Data records:
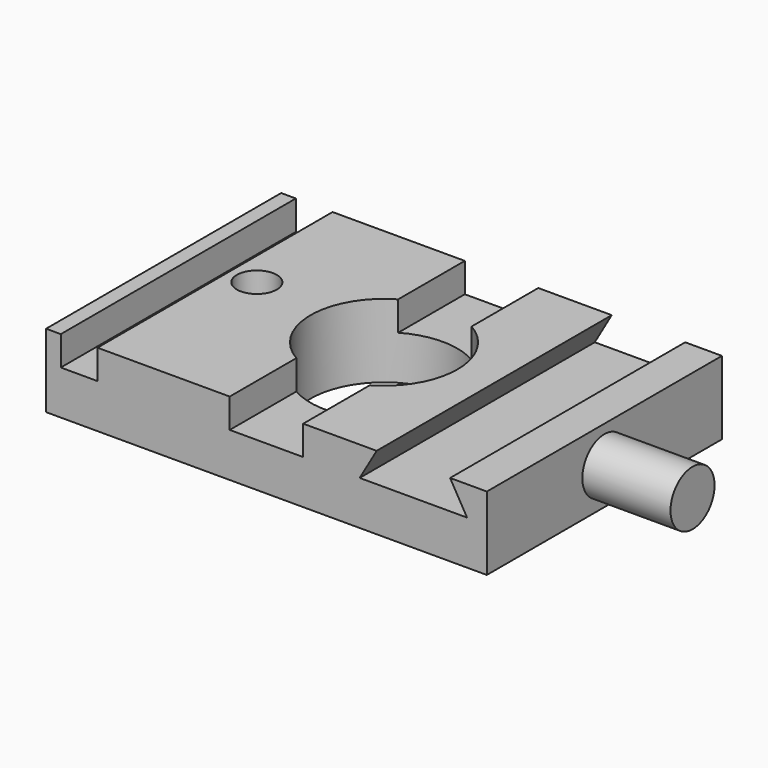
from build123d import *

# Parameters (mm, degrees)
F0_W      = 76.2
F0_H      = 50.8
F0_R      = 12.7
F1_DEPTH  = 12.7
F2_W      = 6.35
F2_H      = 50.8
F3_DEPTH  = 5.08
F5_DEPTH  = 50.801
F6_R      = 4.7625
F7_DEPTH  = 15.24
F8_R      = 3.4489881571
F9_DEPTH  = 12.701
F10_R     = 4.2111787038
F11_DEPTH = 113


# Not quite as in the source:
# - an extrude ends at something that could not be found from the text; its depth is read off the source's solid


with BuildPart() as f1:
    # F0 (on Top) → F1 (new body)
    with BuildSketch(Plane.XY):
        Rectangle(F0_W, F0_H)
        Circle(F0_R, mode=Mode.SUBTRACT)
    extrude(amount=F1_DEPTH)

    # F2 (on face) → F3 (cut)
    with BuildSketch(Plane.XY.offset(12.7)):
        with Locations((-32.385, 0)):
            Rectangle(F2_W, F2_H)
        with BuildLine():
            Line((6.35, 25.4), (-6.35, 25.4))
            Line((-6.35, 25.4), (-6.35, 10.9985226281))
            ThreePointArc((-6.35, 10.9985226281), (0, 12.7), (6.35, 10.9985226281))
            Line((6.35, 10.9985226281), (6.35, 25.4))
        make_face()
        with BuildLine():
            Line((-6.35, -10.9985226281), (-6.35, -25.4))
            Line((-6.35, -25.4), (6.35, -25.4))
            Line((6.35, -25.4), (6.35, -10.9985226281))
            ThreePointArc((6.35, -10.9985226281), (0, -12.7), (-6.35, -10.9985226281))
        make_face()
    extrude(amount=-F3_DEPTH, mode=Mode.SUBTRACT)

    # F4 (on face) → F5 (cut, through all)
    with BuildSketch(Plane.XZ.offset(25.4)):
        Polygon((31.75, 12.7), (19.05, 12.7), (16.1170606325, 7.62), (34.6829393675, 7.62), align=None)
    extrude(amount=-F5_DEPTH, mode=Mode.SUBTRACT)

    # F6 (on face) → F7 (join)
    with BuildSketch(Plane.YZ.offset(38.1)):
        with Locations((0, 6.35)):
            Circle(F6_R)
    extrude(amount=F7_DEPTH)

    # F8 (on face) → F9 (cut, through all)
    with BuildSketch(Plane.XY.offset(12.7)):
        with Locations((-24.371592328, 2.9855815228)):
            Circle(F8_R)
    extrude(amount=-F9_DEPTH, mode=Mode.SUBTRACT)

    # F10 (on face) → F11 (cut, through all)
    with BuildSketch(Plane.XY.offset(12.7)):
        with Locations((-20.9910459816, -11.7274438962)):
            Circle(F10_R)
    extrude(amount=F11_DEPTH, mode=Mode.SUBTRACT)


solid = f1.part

-- WORK REQUEST --
Take every line from the data that includes the word "amount".

-- FINISHED EXERCISE --
    extrude(amount=F1_DEPTH)
    extrude(amount=-F3_DEPTH, mode=Mode.SUBTRACT)
    extrude(amount=-F5_DEPTH, mode=Mode.SUBTRACT)
    extrude(amount=F7_DEPTH)
    extrude(amount=-F9_DEPTH, mode=Mode.SUBTRACT)
    extrude(amount=F11_DEPTH, mode=Mode.SUBTRACT)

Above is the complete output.